An eye on the south Argentina's milk production is estimated at around 30 million liters per day. More than 60% of this volume is processed by 15 large, multi-plant, multi-product companies with great processing capacity and world-class technology. Although the Canadian Saputo is first in the national dairy ranking, Mastellone Hnos (La Serenísima) remains the country's real number one. The sector is in full reorganization. There have been two recent bankruptcies: La Suipachense and Alimentos Refrigerados SA (ARSA), manufacturer of the classic desserts and yogurts SanCor. Precisely, the enormous dairy cooperative, with its headquarters in the Santa Fe town of Sunchales and also covering Córdoba province, is debating between rescue plans and judicial intervention, with international investors closely following its steps.

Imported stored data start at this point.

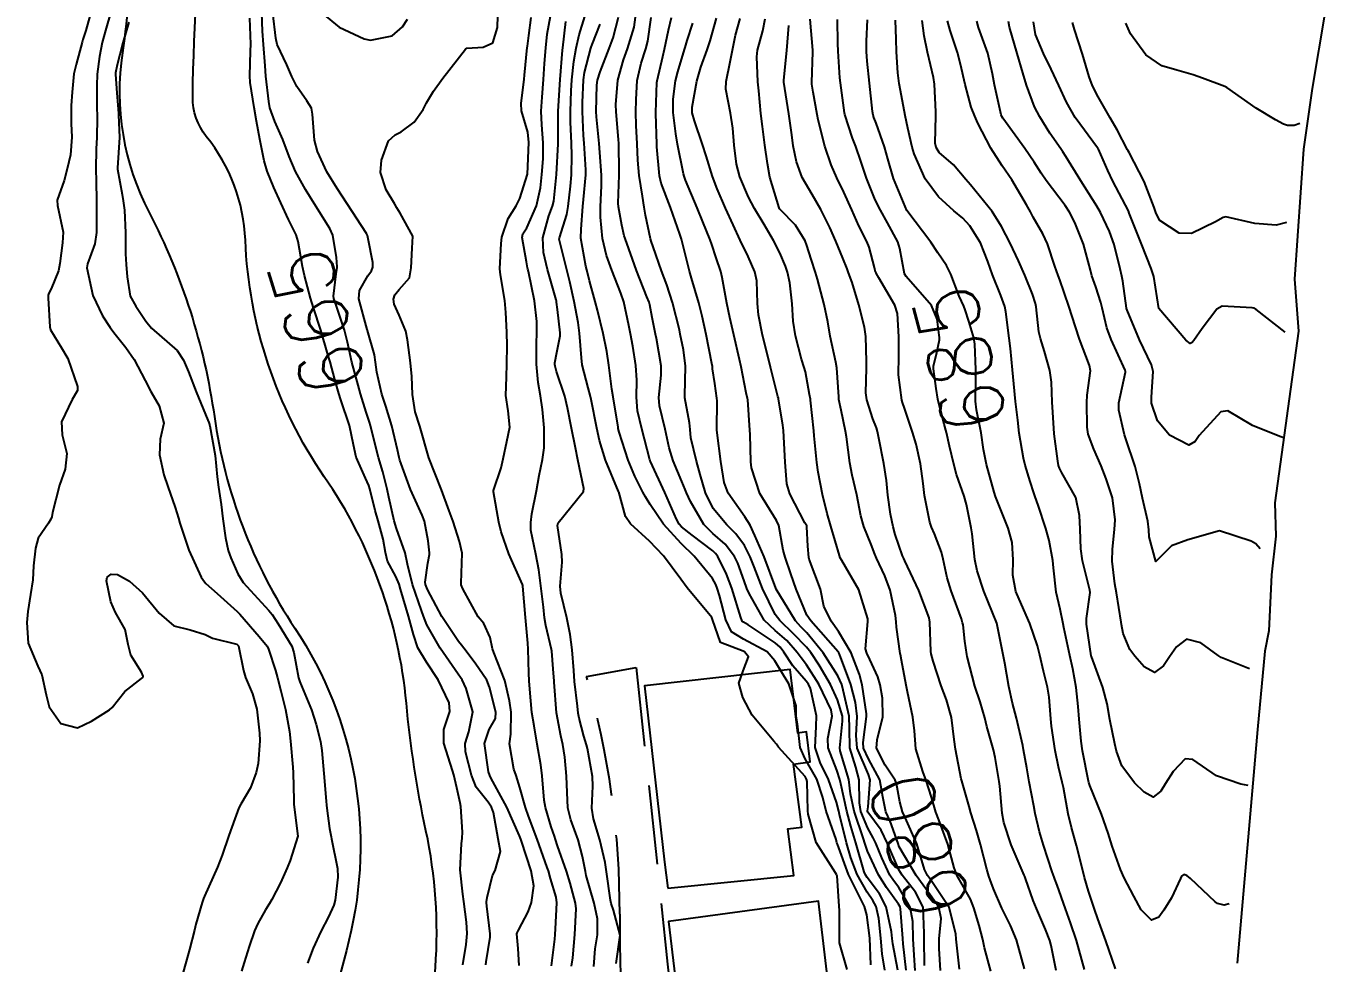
# Model space of a CAD drawing. Header units: metres. Extents: x 298520 to 308411, y 7433745 to 7450750.
# Drawn here: x 300555.4 to 300637.5, y 7446094.6 to 7446153.8 of the extents above; entities that cross this region are included whole.
import ezdxf
from ezdxf.enums import TextEntityAlignment as Align

# ---------------------------------------------------------------- set-up
doc = ezdxf.new("R2010")
doc.units = ezdxf.units.M
doc.header["$LTSCALE"] = 10
doc.linetypes.add('DASHED', pattern=[0.75, 0.5, -0.25])
for name, color, linetype in [('Area', 45, 'Continuous'), ('Cotas', 45, 'Continuous'), ('Curvas de Nivel 1m', 11, 'Continuous'), ('Curvas de Nivel 5m', 15, 'Continuous'), ('Edificações', 30, 'Continuous'), ('Hidrografia', 140, 'Continuous'), ('Vias Secundárias', 230, 'DASHED')]:
    doc.layers.add(name, color=color, linetype=linetype)
doc.styles.add('Style-STANDARD', font='STANDARD.shx')

msp = doc.modelspace()

# ---------------------------------------------------------------- linework, layer by layer
at = {"layer": 'Area'}
msp.add_polyline3d([(300637.452, 7446154.704, 694.791), (300636.634, 7446149.818, 693.202), (300636.083, 7446145.984, 692.753), (300635.523, 7446137.77, 691.455), (300635.774, 7446134.47, 690.944), (300634.273, 7446123.633, 689.334), (300634.351, 7446121.531, 689.014), (300634.072, 7446119.093, 688.753), (300633.903, 7446115.543, 688.312), (300633.646, 7446114.267, 688.122), (300633.196, 7446109.319, 687.403), (300631.894, 7446094.565, 685.893)], dxfattribs=at)
at = {"layer": 'Curvas de Nivel 1m', "flags": 128}
for points, elevation in [([(300559.434, 7446154.462), (300559.154, 7446153.48), (300558.967, 7446152.911), (300558.913, 7446152.732), (300558.536, 7446151.329), (300558.404, 7446150.737), (300558.28, 7446149.57), (300558.229, 7446148.739), (300558.233, 7446147.591), (300558.274, 7446146.738), (300558.185, 7446145.615), (300557.983, 7446144.741), (300557.782, 7446144.006), (300557.351, 7446142.747), (300557.354, 7446142.421), (300557.716, 7446140.743), (300557.68, 7446140.059), (300557.503, 7446138.745), (300557.429, 7446138.293), (300556.959, 7446137.156), (300556.816, 7446136.891), (300556.774, 7446136.753), (300556.772, 7446136.574), (300556.876, 7446134.761), (300556.931, 7446134.564), (300557.607, 7446133.437), (300558.008, 7446132.744), (300558.636, 7446130.985), (300558.632, 7446130.734), (300558.293, 7446130.154), (300557.61, 7446128.749), (300557.662, 7446127.937), (300557.948, 7446126.743), (300557.846, 7446125.767), (300557.486, 7446124.75), (300557.057, 7446123.018), (300557.007, 7446122.757), (300556.95, 7446122.599), (300556.787, 7446122.345), (300556.146, 7446121.393), (300555.971, 7446120.768), (300555.857, 7446119.664), (300555.8, 7446118.769), (300555.666, 7446117.839), (300555.48, 7446116.772), (300555.419, 7446116.067), (300555.503, 7446114.772), (300556.122, 7446113.322), (300556.37, 7446112.763), (300556.654, 7446111.513), (300556.842, 7446110.757), (300557.579, 7446109.692), (300558.63, 7446109.432), (300559.514, 7446109.841), (300560.641, 7446110.566), (300560.814, 7446110.707), (300561.628, 7446111.726), (300562.671, 7446112.537), (300562.745, 7446112.606), (300562.769, 7446112.679), (300562.675, 7446112.931), (300561.999, 7446114.004), (300561.832, 7446114.693), (300561.645, 7446115.638), (300561.033, 7446116.705), (300560.723, 7446117.387), (300560.456, 7446118.713), (300560.51, 7446118.948), (300560.747, 7446119.122), (300561.154, 7446119.111), (300561.923, 7446118.692), (300562.732, 7446117.945), (300563.793, 7446116.669), (300564.705, 7446115.855), (300565.74, 7446115.612), (300566.7, 7446115.321), (300567.155, 7446115.091), (300568.694, 7446114.708), (300568.79, 7446114.609), (300569.107, 7446113.036), (300569.242, 7446112.604), (300569.691, 7446111.566), (300569.956, 7446110.597), (300570.131, 7446109.091), (300570.149, 7446108.595), (300570.041, 7446107.163), (300569.915, 7446106.597), (300569.557, 7446105.632), (300568.955, 7446104.606), (300568.819, 7446104.359), (300568.563, 7446103.664), (300568.187, 7446102.615), (300567.77, 7446101.385), (300567.478, 7446100.626), (300566.657, 7446098.79), (300566.588, 7446098.639), (300566.5, 7446098.393), (300566.109, 7446097.021), (300566.013, 7446096.645), (300565.699, 7446095.413), (300565.489, 7446094.65), (300565.26, 7446093.836)], 667), ([(300560.757, 7446154.714), (300560.39, 7446153.482), (300560.194, 7446152.719), (300560.021, 7446151.835), (300559.869, 7446150.723), (300559.841, 7446149.998), (300559.847, 7446148.723), (300559.86, 7446147.954), (300559.842, 7446146.722), (300559.798, 7446145.99), (300559.777, 7446144.723), (300559.802, 7446143.966), (300559.826, 7446142.722), (300559.835, 7446141.908), (300559.833, 7446140.722), (300559.724, 7446139.995), (300559.263, 7446138.727), (300559.221, 7446138.485), (300559.59, 7446136.724), (300560.209, 7446135.448), (300560.692, 7446134.712), (300560.93, 7446134.391), (300561.676, 7446133.455), (300562.208, 7446132.691), (300562.893, 7446131.369), (300563.252, 7446130.676), (300563.79, 7446129.754), (300564.074, 7446128.668), (300563.855, 7446127.663), (300563.8, 7446126.67), (300564.085, 7446125.403), (300564.326, 7446124.665), (300564.8, 7446123.332), (300565.014, 7446122.658), (300565.101, 7446122.344), (300565.654, 7446120.651), (300566.451, 7446118.938), (300566.643, 7446118.641), (300566.741, 7446118.533), (300567.446, 7446117.915), (300568.715, 7446116.781), (300568.883, 7446116.608), (300570.111, 7446115.184), (300570.603, 7446114.591), (300570.636, 7446114.535), (300570.691, 7446114.393), (300571.134, 7446113.042), (300571.262, 7446112.584), (300571.477, 7446111.765), (300571.775, 7446110.579), (300572.024, 7446109.181), (300572.093, 7446108.575), (300572.243, 7446106.938), (300572.264, 7446106.573), (300572.289, 7446104.861), (300572.306, 7446104.573), (300572.553, 7446102.57), (300572.056, 7446101.049), (300571.878, 7446100.576), (300571.456, 7446099.638), (300570.901, 7446098.586), (300570.753, 7446098.335), (300570.496, 7446097.915), (300570.015, 7446097.067), (300569.817, 7446096.597), (300569.468, 7446095.6), (300569.149, 7446094.603), (300568.999, 7446094.053)], 666), ([(300584.427, 7446094.446), (300584.456, 7446094.635), (300584.697, 7446096.2), (300584.7, 7446096.418), (300584.5, 7446098.159), (300584.477, 7446098.395), (300584.474, 7446098.42), (300584.506, 7446098.695), (300584.851, 7446100.086), (300585.015, 7446100.415), (300585.349, 7446101.604), (300585.207, 7446102.413), (300584.907, 7446104.079), (300584.79, 7446104.418), (300584.576, 7446104.734), (300583.827, 7446105.673), (300583.531, 7446106.436), (300583.144, 7446107.913), (300583.124, 7446108.442), (300583.354, 7446109.163), (300583.597, 7446110.436), (300583.193, 7446111.915), (300582.941, 7446112.446), (300582.837, 7446112.61), (300582.677, 7446112.822), (300581.547, 7446114.461), (300580.708, 7446115.936), (300580.489, 7446116.472), (300580.367, 7446116.825), (300579.803, 7446118.479), (300579.48, 7446119.758), (300579.329, 7446120.484), (300578.786, 7446122.004), (300578.629, 7446122.492), (300578.298, 7446123.987), (300578.189, 7446124.499), (300577.916, 7446125.596), (300577.642, 7446126.508), (300577.217, 7446128.156), (300577.135, 7446128.516), (300577.072, 7446128.724), (300576.871, 7446129.355), (300576.508, 7446130.524), (300576.356, 7446131.06), (300575.97, 7446132.529), (300575.681, 7446133.776), (300575.489, 7446134.534), (300574.949, 7446136.185), (300574.826, 7446136.541), (300574.806, 7446136.69), (300574.976, 7446138.108), (300575.033, 7446138.488), (300575.036, 7446138.539), (300574.989, 7446139.144), (300574.761, 7446140.542), (300574.577, 7446140.974), (300573.574, 7446142.554), (300573.036, 7446143.427), (300572.411, 7446144.57), (300572.011, 7446145.524), (300571.598, 7446146.582), (300571.09, 7446147.731), (300570.789, 7446148.593), (300570.706, 7446148.995), (300570.522, 7446150.596), (300570.475, 7446151.251), (300570.386, 7446152.598), (300570.325, 7446153.428), (300570.281, 7446154.599)], 666), ([(300586.544, 7446094.399), (300586.469, 7446095.479), (300586.395, 7446096.401), (300586.405, 7446096.479), (300586.485, 7446096.65), (300587.096, 7446097.795), (300587.315, 7446098.392), (300587.464, 7446099.439), (300587.302, 7446100.392), (300586.68, 7446102.27), (300586.635, 7446102.399), (300586.555, 7446102.598), (300585.745, 7446104.408), (300584.754, 7446106.255), (300584.673, 7446106.419), (300584.596, 7446106.641), (300584.349, 7446108.424), (300584.632, 7446109.32), (300585.045, 7446110.01), (300585.07, 7446110.416), (300584.666, 7446111.99), (300584.488, 7446112.423), (300583.757, 7446113.508), (300583.04, 7446114.445), (300582.882, 7446114.635), (300582.697, 7446114.866), (300581.658, 7446116.461), (300580.738, 7446118.17), (300580.613, 7446118.471), (300580.589, 7446118.627), (300580.756, 7446119.827), (300580.868, 7446120.362), (300580.873, 7446120.469), (300580.775, 7446121.245), (300580.552, 7446122.472), (300580.41, 7446122.861), (300579.672, 7446124.481), (300578.998, 7446126.322), (300578.952, 7446126.489), (300578.84, 7446126.981), (300578.497, 7446128.495), (300578.11, 7446129.737), (300577.866, 7446130.505), (300577.532, 7446131.882), (300577.454, 7446132.512), (300577.386, 7446132.981), (300576.957, 7446134.52), (300576.949, 7446134.535), (300576.934, 7446134.583), (300576.407, 7446136.525), (300576.442, 7446137.044), (300576.975, 7446137.984), (300577.196, 7446138.3), (300577.284, 7446138.515), (300577.284, 7446138.814), (300577.001, 7446140.308), (300576.943, 7446140.521), (300576.886, 7446140.64), (300575.674, 7446142.533), (300575.037, 7446143.487), (300574.387, 7446144.547), (300573.791, 7446145.828), (300573.592, 7446146.555), (300573.467, 7446148.187), (300573.407, 7446148.557), (300573.108, 7446149.036), (300572.49, 7446149.943), (300572.176, 7446150.574), (300571.859, 7446151.308), (300571.24, 7446152.589), (300571.149, 7446152.993), (300570.972, 7446154.592)], 667), ([(300574.117, 7446154.551), (300575.16, 7446153.685), (300576.734, 7446152.939), (300577.148, 7446152.854), (300578.508, 7446153.144), (300579.161, 7446153.697), (300579.47, 7446154.186)], 667), ([(300588.578, 7446094.378), (300588.78, 7446096.074), (300588.808, 7446096.375), (300588.831, 7446096.72), (300588.916, 7446098.374), (300588.864, 7446098.732), (300588.518, 7446099.902), (300588.381, 7446100.381), (300588.309, 7446100.599), (300587.669, 7446102.389), (300587.115, 7446103.847), (300586.935, 7446104.396), (300586.586, 7446105.66), (300586.343, 7446106.402), (300586.195, 7446106.808), (300585.929, 7446108.407), (300586.003, 7446109.032), (300586.02, 7446110.406), (300585.925, 7446111.136), (300585.638, 7446112.41), (300584.929, 7446114.179), (300584.839, 7446114.419), (300584.7, 7446115.127), (300584.291, 7446116.008), (300583.938, 7446116.432), (300582.979, 7446118.206), (300582.879, 7446118.448), (300582.866, 7446118.57), (300582.935, 7446120.447), (300582.774, 7446121.19), (300582.358, 7446122.454), (300582.118, 7446123.139), (300581.62, 7446124.462), (300580.833, 7446126.47), (300580.26, 7446128.476), (300579.973, 7446129.377), (300579.784, 7446130.481), (300579.758, 7446131.623), (300579.664, 7446132.482), (300579.472, 7446133.94), (300579.371, 7446134.486), (300578.943, 7446135.481), (300578.641, 7446136.186), (300578.589, 7446136.495), (300578.684, 7446136.767), (300578.962, 7446137.112), (300579.614, 7446137.843), (300579.703, 7446138.483), (300579.763, 7446139.715), (300579.811, 7446140.482), (300579.017, 7446141.934), (300578.806, 7446142.278), (300578.676, 7446142.495), (300578.136, 7446143.404), (300577.776, 7446144.509), (300577.825, 7446145.273), (300578.28, 7446146.502), (300578.697, 7446146.878), (300579.082, 7446147.082), (300579.894, 7446147.679), (300580.463, 7446148.476), (300580.675, 7446148.906), (300581.115, 7446149.643), (300581.714, 7446150.461), (300583.141, 7446152.288), (300583.231, 7446152.35), (300584.266, 7446152.429), (300584.866, 7446152.703), (300585.162, 7446153.67), (300585.192, 7446154.401)], 668), ([(300607.254, 7446094.152), (300606.784, 7446095.843), (300606.783, 7446096.157), (300606.768, 7446097.889), (300606.749, 7446098.158), (300606.617, 7446100.065), (300606.582, 7446100.159), (300606.525, 7446100.272), (300605.294, 7446102.173), (300604.79, 7446103.958), (300604.779, 7446104.178), (300604.738, 7446106.032), (300604.696, 7446106.179), (300604.595, 7446106.339), (300602.928, 7446108.205), (300602.797, 7446108.38), (300602.627, 7446108.58), (300601.249, 7446110.224), (300600.659, 7446111.328), (300600.422, 7446112.234), (300600.681, 7446113.017), (300601.017, 7446113.899), (300600.766, 7446114.229), (300600.693, 7446114.26), (300599.263, 7446114.816), (300598.749, 7446116.259), (300598.715, 7446116.39), (300597.139, 7446118.276), (300596.748, 7446118.806), (300595.655, 7446120.291), (300594.777, 7446121.222), (300593.558, 7446122.319), (300593.255, 7446122.781), (300592.827, 7446124.33), (300592.813, 7446124.361), (300591.993, 7446126.338), (300591.611, 7446127.583), (300591.44, 7446128.344), (300591.075, 7446130.154), (300591.036, 7446130.348), (300590.888, 7446130.898), (300590.525, 7446132.354), (300590.475, 7446132.789), (300590.35, 7446134.356), (300590.262, 7446135.035), (300590.013, 7446136.359), (300589.728, 7446137.606), (300589.544, 7446138.364), (300589.07, 7446140.301), (300589.075, 7446140.369), (300589.539, 7446141.843), (300589.632, 7446142.364), (300589.769, 7446143.635), (300589.833, 7446144.362), (300589.857, 7446145.57), (300589.832, 7446146.362), (300589.778, 7446147.677), (300589.771, 7446148.363), (300589.826, 7446149.653), (300589.865, 7446150.363), (300589.988, 7446151.508), (300590.139, 7446152.36), (300590.322, 7446153.192), (300590.691, 7446154.355)], 672), ([(300589.845, 7446094.359), (300589.921, 7446094.898), (300590.05, 7446096.356), (300590.138, 7446097.994), (300590.1, 7446098.356), (300589.764, 7446099.61), (300589.515, 7446100.365), (300588.951, 7446101.97), (300588.821, 7446102.376), (300588.756, 7446102.578), (300588.561, 7446103.173), (300588.202, 7446104.384), (300588.112, 7446104.85), (300587.993, 7446106.386), (300587.898, 7446107.092), (300587.67, 7446108.39), (300587.475, 7446109.551), (300587.338, 7446110.393), (300587.2, 7446111.859), (300587.174, 7446112.392), (300587.153, 7446112.868), (300587.112, 7446114.394), (300587.082, 7446114.779), (300586.934, 7446116.397), (300586.767, 7446118.375), (300586.766, 7446118.4), (300586.762, 7446118.419), (300586.744, 7446118.466), (300585.874, 7446120.409), (300585.393, 7446121.805), (300585.251, 7446122.415), (300584.911, 7446124.32), (300584.914, 7446124.419), (300585.391, 7446125.851), (300585.514, 7446126.413), (300585.756, 7446127.505), (300585.95, 7446128.409), (300585.84, 7446129.444), (300585.691, 7446130.412), (300585.734, 7446131.573), (300585.755, 7446132.411), (300585.777, 7446133.554), (300585.762, 7446134.412), (300585.691, 7446135.667), (300585.627, 7446136.413), (300585.35, 7446138.044), (300585.318, 7446138.417), (300585.396, 7446140.019), (300585.438, 7446140.416), (300585.832, 7446141.594), (300586.344, 7446142.407), (300586.57, 7446142.864), (300587.053, 7446144.4), (300587.149, 7446146.399), (300587.083, 7446147.054), (300586.673, 7446148.404), (300586.653, 7446148.859), (300586.854, 7446150.403), (300586.881, 7446150.647), (300587.046, 7446152.401), (300587.054, 7446152.491), (300587.154, 7446153.163), (300587.283, 7446154.287)], 669), ([(300592.669, 7446094.54), (300592.908, 7446096.323), (300592.497, 7446097.906), (300592.351, 7446098.332), (300592.307, 7446098.529), (300592.051, 7446100.335), (300591.961, 7446100.906), (300591.634, 7446102.339), (300591.241, 7446103.668), (300591.126, 7446104.344), (300591.185, 7446105.746), (300591.162, 7446106.344), (300590.859, 7446108.108), (300590.795, 7446108.348), (300590.628, 7446108.887), (300590.321, 7446110.036), (300590.264, 7446110.356), (300590.211, 7446110.793), (300590.037, 7446112.356), (300589.987, 7446113.05), (300589.887, 7446114.358), (300589.753, 7446115.309), (300589.543, 7446116.362), (300589.17, 7446117.932), (300589.118, 7446118.366), (300589.242, 7446119.881), (300589.223, 7446120.365), (300588.956, 7446122.203), (300588.99, 7446122.368), (300589.795, 7446123.368), (300590.604, 7446124.352), (300590.629, 7446124.538), (300590.246, 7446126.356), (300590.1, 7446127.101), (300589.846, 7446128.36), (300589.592, 7446129.647), (300589.417, 7446130.365), (300588.899, 7446131.938), (300588.8, 7446132.27), (300588.787, 7446132.372), (300588.791, 7446132.485), (300588.914, 7446133.134), (300589.118, 7446134.181), (300589.119, 7446134.368), (300588.948, 7446135.859), (300588.894, 7446136.313), (300588.885, 7446136.371), (300588.867, 7446136.459), (300588.329, 7446138.38), (300588.066, 7446139.456), (300588.029, 7446140.385), (300588.406, 7446141.769), (300588.638, 7446142.376), (300588.719, 7446142.683), (300588.894, 7446144.372), (300589.008, 7446146.306), (300589.007, 7446146.371), (300589.004, 7446146.441), (300588.995, 7446148.372), (300589.123, 7446150.37), (300589.27, 7446152.24), (300589.285, 7446152.369), (300589.483, 7446154.052)], 671), ([(300608.762, 7446094.442), (300608.698, 7446096.137), (300608.495, 7446097.61), (300608.361, 7446098.141), (300608.215, 7446098.434), (300607.343, 7446100.152), (300606.638, 7446102.073), (300606.615, 7446102.159), (300606.555, 7446102.359), (300605.927, 7446104.166), (300605.73, 7446105.02), (300605.341, 7446106.173), (300604.612, 7446107.455), (300604.287, 7446108.185), (300604.118, 7446109.668), (300604.037, 7446110.189), (300604.028, 7446110.813), (300603.572, 7446112.197), (300603.233, 7446112.757), (300602.687, 7446113.661), (300602.198, 7446114.215), (300600.701, 7446115.025), (300599.947, 7446115.484), (300599.596, 7446116.247), (300599.198, 7446117.791), (300599.047, 7446118.255), (300598.965, 7446118.476), (300598.749, 7446118.852), (300597.599, 7446120.272), (300596.775, 7446121.069), (300595.659, 7446122.291), (300594.805, 7446123.535), (300594.509, 7446124.004), (300594.339, 7446124.307), (300593.839, 7446125.33), (300593.42, 7446126.321), (300592.859, 7446128.094), (300592.796, 7446128.331), (300592.779, 7446128.415), (300592.477, 7446130.334), (300592.399, 7446130.824), (300592.19, 7446132.337), (300592.063, 7446133.192), (300591.832, 7446134.341), (300591.476, 7446135.816), (300591.332, 7446136.346), (300590.972, 7446137.652), (300590.806, 7446138.352), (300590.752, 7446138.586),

The Mongolian holding The Mongolian holding is one of them: it has more than 38,800 employees and processes a colossal figure: 13.95 million tons of products annually, including liquid milk, yogurt, ice cream, cheese, powdered milk, and infant formulas. Its profile was published by Bichos de Campoy and reveals shocking data. In 2024, it billed 88.675 billion renminbi (RMB), China's official currency, which translates to about 12.4 billion dollars at the current exchange rate. In turn, in the first half of 2025, it added RMB 41.567 billion (5.84 billion dollars), with a gross margin of 41.7%, a high level for the dairy industry. Its core global business is represented by long-life milk, which accounts for more than two-thirds of its revenue. Its brand Aicees is the absolute leader in yogurt and ice cream sold in Indonesia; followed by cheese, a young segment in China but with rapid growth, and infant formulas, a very sensitive and regulated business. For its premium lines and infant formulas, Mengniu uses milk and ingredients imported from Australia and New Zealand, markets associated with higher standards.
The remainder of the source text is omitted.